Identification of a distinctive gene signature in granulomatous myositis
Pinal Fernandez, Iago 
(Johns Hopkins University School of Medicine)
Ruffer, Nikolas (University Medical Center Hamburg-Eppendorf)
Casal-Dominguez, Maria (Johns Hopkins University School of Medicine)
Pak, Katherine (National Institute of Arthritis and Musculoskeletal and Skin Diseases)
Kleefeld, Felix (Charité-Universitätsmedizin Berlin)
Preusse, Corinna (Charité-Universitätsmedizin Berlin)
Kirou, Raphael A.
(State University of New York Downstate Health Sciences University)

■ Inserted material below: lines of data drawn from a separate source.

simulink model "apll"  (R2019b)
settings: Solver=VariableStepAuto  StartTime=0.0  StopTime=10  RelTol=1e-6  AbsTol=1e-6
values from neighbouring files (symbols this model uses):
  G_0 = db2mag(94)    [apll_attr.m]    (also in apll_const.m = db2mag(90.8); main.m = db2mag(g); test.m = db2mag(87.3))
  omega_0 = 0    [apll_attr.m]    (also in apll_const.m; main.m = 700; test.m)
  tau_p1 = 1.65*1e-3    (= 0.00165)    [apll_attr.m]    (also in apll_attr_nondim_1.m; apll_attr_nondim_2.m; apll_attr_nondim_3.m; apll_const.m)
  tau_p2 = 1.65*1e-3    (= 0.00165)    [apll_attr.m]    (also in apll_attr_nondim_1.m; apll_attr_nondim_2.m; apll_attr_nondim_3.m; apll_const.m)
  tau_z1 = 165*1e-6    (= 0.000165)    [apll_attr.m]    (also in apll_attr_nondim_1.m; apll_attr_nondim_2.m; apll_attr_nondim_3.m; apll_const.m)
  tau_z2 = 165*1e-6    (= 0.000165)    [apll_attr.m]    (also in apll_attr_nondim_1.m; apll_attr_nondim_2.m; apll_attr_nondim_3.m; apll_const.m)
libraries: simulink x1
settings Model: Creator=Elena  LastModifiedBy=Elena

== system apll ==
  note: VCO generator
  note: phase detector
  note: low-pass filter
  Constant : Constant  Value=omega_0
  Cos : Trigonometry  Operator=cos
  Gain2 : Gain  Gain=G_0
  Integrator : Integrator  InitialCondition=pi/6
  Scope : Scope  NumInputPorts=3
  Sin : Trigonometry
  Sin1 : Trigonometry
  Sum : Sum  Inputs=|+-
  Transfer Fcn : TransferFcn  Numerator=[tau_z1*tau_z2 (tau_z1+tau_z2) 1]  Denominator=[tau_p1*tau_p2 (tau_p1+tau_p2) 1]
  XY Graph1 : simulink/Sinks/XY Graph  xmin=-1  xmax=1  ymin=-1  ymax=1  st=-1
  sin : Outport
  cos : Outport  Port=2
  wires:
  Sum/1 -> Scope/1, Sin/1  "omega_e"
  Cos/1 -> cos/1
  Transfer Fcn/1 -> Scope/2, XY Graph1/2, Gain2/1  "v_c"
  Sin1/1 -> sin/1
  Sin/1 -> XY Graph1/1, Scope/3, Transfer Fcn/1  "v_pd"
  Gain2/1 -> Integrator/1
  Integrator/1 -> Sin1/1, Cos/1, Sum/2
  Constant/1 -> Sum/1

Kinder, Travis B (National Institute of Arthritis and Musculoskeletal and Skin Diseases)
Del Orso, Stefania (National Institute of Arthritis and Musculoskeletal and Skin Diseases)
Naz, Faiza (National Institute of Arthritis and Musculoskeletal and Skin Diseases)
Islam, Shamima (National Institute of Arthritis and Musculoskeletal and Skin Diseases)
Gutierrez-Cruz, Gustavo (National Institute of Arthritis and Musculoskeletal and Skin Diseases)
Selva O'Callaghan, Albert
(Universitat Autònoma de Barcelona. Departament de Medicina)
Milisenda, José César
(Hospital Clínic i Provincial de Barcelona)
Schneider, Udo (Charité-Universitätsmedizin Berlin)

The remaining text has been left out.